[TASK DESCRIPTION] What do the lines from the top of the data through the line with "(part 4 of 16)" say? Quote them exactly and include both ends.

--- EXTRACTED DATA Enclosed Below ---

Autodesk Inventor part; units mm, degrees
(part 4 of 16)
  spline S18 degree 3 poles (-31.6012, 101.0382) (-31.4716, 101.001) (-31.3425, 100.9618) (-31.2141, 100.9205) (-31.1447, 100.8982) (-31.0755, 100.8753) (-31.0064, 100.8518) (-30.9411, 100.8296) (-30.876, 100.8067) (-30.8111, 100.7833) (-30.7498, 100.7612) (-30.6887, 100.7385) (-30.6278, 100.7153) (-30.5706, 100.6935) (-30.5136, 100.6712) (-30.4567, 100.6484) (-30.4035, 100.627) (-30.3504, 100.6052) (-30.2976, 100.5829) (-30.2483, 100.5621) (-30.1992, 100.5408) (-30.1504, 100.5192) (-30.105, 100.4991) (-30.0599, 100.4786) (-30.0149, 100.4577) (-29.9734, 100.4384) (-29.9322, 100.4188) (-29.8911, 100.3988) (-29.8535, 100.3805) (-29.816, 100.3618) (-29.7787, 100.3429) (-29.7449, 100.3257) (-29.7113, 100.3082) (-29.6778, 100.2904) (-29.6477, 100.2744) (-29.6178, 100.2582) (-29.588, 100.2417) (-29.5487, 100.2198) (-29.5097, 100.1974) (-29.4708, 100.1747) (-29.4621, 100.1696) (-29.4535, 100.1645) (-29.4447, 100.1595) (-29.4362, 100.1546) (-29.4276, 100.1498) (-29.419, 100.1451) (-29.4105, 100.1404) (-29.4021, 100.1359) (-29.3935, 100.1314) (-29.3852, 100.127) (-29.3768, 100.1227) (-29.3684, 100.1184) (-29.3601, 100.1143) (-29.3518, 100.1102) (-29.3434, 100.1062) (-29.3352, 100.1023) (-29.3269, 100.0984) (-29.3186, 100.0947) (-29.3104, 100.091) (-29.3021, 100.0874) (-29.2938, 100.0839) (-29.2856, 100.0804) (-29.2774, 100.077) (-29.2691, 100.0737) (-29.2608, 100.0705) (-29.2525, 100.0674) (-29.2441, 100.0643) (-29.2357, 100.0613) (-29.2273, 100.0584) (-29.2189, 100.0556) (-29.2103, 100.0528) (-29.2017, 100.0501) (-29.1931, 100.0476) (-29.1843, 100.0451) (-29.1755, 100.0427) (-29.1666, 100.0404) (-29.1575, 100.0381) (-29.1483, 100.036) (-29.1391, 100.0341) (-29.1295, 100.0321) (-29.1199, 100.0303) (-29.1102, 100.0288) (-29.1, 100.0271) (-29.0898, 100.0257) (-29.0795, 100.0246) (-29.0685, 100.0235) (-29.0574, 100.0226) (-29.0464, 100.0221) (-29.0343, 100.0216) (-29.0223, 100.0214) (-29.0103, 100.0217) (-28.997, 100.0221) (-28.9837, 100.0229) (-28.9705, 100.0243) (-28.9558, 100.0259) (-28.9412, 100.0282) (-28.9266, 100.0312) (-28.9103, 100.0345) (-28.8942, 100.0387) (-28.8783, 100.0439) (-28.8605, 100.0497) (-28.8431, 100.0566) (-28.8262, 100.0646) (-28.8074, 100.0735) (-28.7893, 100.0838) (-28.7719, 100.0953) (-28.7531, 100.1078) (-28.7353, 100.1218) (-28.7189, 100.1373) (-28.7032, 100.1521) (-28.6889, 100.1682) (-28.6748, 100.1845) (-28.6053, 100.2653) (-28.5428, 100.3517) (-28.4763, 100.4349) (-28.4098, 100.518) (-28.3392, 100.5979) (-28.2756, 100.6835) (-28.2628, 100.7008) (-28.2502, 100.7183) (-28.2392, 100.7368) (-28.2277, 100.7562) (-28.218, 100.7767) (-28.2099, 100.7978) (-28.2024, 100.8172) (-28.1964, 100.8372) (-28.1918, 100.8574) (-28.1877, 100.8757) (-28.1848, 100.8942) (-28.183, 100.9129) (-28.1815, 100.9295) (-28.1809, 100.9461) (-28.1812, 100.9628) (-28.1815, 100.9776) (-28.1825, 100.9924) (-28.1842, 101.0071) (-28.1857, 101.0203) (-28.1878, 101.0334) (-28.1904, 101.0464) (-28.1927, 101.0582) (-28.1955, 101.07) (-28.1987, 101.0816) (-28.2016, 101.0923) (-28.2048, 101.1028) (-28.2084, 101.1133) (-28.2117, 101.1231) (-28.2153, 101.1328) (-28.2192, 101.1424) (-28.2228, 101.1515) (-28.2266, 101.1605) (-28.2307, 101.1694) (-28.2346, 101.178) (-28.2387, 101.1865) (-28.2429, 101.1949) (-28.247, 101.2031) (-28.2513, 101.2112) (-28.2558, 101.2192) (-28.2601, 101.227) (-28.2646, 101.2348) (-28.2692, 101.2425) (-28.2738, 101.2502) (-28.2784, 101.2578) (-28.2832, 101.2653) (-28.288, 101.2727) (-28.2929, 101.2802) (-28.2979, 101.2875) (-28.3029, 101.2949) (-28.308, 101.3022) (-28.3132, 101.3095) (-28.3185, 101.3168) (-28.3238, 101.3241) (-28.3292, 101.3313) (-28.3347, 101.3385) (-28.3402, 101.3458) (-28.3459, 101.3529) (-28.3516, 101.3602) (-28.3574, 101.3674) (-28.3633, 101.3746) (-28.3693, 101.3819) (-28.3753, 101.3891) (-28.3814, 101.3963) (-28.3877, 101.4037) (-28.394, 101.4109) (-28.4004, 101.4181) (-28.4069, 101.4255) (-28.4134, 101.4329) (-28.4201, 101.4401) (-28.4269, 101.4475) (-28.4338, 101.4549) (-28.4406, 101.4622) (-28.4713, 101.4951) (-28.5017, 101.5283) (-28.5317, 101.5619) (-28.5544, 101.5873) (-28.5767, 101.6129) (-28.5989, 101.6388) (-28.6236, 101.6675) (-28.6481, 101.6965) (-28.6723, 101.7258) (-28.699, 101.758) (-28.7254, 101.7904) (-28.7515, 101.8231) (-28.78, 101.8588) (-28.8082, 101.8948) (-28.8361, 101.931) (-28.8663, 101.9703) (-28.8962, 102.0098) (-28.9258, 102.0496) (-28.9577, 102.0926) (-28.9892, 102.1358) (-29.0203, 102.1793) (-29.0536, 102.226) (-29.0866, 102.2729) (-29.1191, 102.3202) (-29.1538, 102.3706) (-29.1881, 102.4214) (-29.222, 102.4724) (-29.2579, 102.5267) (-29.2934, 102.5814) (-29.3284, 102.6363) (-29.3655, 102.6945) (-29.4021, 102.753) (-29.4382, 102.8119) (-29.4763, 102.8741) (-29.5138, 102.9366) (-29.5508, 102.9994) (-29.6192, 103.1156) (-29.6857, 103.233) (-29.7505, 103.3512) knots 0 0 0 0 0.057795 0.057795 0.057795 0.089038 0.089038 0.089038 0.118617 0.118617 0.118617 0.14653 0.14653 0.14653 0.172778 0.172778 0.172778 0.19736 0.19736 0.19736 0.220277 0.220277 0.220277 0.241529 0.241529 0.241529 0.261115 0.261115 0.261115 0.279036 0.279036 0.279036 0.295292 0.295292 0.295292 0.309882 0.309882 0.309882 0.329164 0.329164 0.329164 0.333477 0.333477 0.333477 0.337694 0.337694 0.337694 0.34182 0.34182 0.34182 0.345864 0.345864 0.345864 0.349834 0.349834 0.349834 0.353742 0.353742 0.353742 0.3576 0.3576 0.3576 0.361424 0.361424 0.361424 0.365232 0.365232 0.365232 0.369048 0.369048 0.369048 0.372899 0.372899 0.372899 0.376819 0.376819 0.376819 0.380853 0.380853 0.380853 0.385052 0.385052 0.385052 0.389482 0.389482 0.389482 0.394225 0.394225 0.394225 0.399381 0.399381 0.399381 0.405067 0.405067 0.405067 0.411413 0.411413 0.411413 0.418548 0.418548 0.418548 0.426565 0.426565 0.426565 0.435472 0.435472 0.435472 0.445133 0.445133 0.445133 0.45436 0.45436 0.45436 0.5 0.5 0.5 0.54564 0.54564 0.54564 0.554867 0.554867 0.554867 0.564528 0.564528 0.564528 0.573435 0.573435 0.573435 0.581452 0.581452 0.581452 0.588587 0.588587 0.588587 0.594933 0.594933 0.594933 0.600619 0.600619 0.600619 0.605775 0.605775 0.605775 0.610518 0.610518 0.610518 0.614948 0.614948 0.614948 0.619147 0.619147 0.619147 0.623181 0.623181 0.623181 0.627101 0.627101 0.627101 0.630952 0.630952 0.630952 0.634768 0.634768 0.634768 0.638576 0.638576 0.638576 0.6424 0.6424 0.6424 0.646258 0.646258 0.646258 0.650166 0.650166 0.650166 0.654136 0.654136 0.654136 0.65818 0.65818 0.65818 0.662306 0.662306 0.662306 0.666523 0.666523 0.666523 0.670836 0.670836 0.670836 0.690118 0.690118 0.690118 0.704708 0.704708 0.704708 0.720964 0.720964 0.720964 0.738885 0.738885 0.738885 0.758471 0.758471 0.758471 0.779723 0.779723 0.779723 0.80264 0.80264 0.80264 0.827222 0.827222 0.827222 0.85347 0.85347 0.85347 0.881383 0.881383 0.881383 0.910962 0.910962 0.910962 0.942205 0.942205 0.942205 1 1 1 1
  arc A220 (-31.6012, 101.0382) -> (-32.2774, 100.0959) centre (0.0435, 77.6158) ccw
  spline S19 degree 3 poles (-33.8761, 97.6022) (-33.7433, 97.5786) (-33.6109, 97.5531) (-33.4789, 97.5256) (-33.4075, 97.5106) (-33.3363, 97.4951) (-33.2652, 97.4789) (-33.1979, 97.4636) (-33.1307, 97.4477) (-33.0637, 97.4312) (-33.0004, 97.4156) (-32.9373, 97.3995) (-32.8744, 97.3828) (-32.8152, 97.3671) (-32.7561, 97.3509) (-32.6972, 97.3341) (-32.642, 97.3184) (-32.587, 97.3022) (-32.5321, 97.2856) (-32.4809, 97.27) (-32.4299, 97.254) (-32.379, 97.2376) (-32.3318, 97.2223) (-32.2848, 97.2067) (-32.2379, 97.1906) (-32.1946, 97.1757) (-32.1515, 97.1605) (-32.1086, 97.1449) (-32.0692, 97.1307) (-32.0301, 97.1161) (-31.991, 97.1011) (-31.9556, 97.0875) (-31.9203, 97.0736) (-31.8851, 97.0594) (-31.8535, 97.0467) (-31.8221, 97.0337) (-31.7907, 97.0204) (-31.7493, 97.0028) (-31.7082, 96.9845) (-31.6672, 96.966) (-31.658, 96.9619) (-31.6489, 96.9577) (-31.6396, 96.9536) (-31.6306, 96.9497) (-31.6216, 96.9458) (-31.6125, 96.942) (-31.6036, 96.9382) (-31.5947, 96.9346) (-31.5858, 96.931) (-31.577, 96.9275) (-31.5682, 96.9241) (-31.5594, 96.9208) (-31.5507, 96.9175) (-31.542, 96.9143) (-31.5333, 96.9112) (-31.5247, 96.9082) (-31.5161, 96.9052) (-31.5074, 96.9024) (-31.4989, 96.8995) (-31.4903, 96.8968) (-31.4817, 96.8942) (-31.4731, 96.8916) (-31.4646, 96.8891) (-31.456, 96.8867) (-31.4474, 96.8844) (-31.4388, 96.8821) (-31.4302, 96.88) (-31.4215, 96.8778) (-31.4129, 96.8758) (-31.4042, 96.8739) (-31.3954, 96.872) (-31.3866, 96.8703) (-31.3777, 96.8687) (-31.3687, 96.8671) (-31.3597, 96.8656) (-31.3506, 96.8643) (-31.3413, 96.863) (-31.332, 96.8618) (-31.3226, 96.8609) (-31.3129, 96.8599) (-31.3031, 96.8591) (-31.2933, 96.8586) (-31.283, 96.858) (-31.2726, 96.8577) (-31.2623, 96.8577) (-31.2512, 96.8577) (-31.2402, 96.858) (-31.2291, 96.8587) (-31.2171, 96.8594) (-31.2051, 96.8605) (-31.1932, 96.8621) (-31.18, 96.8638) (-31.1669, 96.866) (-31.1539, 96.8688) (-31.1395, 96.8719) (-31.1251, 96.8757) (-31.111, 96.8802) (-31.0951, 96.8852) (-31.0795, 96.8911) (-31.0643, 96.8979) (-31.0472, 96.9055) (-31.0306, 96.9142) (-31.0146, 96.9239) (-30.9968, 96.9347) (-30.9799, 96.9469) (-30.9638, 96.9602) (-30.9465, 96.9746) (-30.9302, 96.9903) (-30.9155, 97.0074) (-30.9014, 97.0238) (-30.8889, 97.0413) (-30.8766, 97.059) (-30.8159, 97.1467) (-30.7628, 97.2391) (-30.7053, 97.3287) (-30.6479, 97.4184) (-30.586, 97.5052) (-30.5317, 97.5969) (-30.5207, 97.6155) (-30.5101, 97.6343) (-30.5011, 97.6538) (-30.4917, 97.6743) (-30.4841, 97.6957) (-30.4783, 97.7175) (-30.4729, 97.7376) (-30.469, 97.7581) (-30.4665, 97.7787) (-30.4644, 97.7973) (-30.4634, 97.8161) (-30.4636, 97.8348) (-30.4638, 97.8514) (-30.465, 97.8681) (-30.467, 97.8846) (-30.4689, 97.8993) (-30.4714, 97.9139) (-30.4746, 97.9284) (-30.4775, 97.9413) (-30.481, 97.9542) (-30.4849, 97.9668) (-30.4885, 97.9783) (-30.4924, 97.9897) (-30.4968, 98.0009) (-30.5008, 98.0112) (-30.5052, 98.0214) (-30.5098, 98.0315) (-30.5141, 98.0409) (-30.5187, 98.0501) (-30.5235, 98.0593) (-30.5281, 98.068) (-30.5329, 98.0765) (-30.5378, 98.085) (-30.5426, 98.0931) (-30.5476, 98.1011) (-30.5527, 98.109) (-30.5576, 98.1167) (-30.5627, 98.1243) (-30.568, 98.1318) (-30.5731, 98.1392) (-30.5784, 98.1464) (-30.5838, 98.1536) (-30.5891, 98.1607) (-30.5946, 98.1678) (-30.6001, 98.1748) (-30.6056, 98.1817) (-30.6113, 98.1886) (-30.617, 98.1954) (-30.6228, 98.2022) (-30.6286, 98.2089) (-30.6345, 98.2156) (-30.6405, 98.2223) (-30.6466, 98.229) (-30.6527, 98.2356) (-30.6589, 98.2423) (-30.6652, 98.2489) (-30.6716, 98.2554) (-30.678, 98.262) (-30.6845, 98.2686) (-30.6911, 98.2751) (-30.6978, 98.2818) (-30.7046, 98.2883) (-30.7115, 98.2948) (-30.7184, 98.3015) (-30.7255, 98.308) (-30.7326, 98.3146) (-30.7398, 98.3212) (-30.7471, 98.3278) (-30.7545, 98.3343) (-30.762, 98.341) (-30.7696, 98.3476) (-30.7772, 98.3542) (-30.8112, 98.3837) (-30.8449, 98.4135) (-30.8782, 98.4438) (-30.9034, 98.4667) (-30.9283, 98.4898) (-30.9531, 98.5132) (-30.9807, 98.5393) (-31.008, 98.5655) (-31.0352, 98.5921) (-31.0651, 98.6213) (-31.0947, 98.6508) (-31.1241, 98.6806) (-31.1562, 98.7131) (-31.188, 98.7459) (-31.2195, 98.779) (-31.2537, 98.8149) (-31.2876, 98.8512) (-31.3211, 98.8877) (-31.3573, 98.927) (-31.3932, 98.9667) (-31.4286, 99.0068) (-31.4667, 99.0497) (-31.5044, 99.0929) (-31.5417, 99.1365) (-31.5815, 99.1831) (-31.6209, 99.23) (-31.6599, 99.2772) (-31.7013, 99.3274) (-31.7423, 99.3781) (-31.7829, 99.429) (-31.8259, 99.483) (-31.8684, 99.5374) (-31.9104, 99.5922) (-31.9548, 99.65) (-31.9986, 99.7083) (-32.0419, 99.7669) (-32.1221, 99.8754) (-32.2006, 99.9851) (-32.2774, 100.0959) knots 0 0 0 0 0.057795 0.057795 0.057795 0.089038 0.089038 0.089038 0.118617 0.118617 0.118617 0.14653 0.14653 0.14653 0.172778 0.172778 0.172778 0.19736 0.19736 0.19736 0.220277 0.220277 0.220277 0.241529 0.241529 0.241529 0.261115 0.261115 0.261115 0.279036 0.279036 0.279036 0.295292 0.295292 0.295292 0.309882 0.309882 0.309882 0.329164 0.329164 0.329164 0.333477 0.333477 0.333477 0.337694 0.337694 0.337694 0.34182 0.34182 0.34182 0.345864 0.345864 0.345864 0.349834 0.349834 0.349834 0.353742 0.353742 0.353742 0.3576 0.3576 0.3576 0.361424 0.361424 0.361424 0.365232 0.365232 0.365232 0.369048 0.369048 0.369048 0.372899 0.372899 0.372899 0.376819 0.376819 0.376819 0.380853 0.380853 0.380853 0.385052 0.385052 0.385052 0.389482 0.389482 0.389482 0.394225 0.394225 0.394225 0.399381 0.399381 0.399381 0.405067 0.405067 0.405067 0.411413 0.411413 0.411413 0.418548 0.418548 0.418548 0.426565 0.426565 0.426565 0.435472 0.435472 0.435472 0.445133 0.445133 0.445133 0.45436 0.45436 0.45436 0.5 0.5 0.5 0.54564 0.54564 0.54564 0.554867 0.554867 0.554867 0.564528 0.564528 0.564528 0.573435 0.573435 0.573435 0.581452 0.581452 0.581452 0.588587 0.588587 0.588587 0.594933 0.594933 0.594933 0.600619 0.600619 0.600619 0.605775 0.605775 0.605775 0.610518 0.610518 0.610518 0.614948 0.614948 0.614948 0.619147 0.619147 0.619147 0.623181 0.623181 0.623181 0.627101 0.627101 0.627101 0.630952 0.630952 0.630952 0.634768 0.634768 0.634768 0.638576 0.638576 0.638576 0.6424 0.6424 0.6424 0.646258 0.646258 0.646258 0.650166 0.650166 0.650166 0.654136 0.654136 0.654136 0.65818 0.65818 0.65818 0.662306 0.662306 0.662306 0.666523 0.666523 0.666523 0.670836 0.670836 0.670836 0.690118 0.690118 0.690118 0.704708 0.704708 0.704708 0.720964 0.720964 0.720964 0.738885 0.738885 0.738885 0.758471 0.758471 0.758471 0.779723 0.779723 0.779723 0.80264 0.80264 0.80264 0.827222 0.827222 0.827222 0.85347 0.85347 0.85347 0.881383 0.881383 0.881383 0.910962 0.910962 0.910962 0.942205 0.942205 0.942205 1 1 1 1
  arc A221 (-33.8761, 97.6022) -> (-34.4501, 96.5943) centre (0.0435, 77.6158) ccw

--- End of Enclosed EXTRACTED DATA ---

[SOLUTION]
Autodesk Inventor part; units mm, degrees
(part 4 of 16)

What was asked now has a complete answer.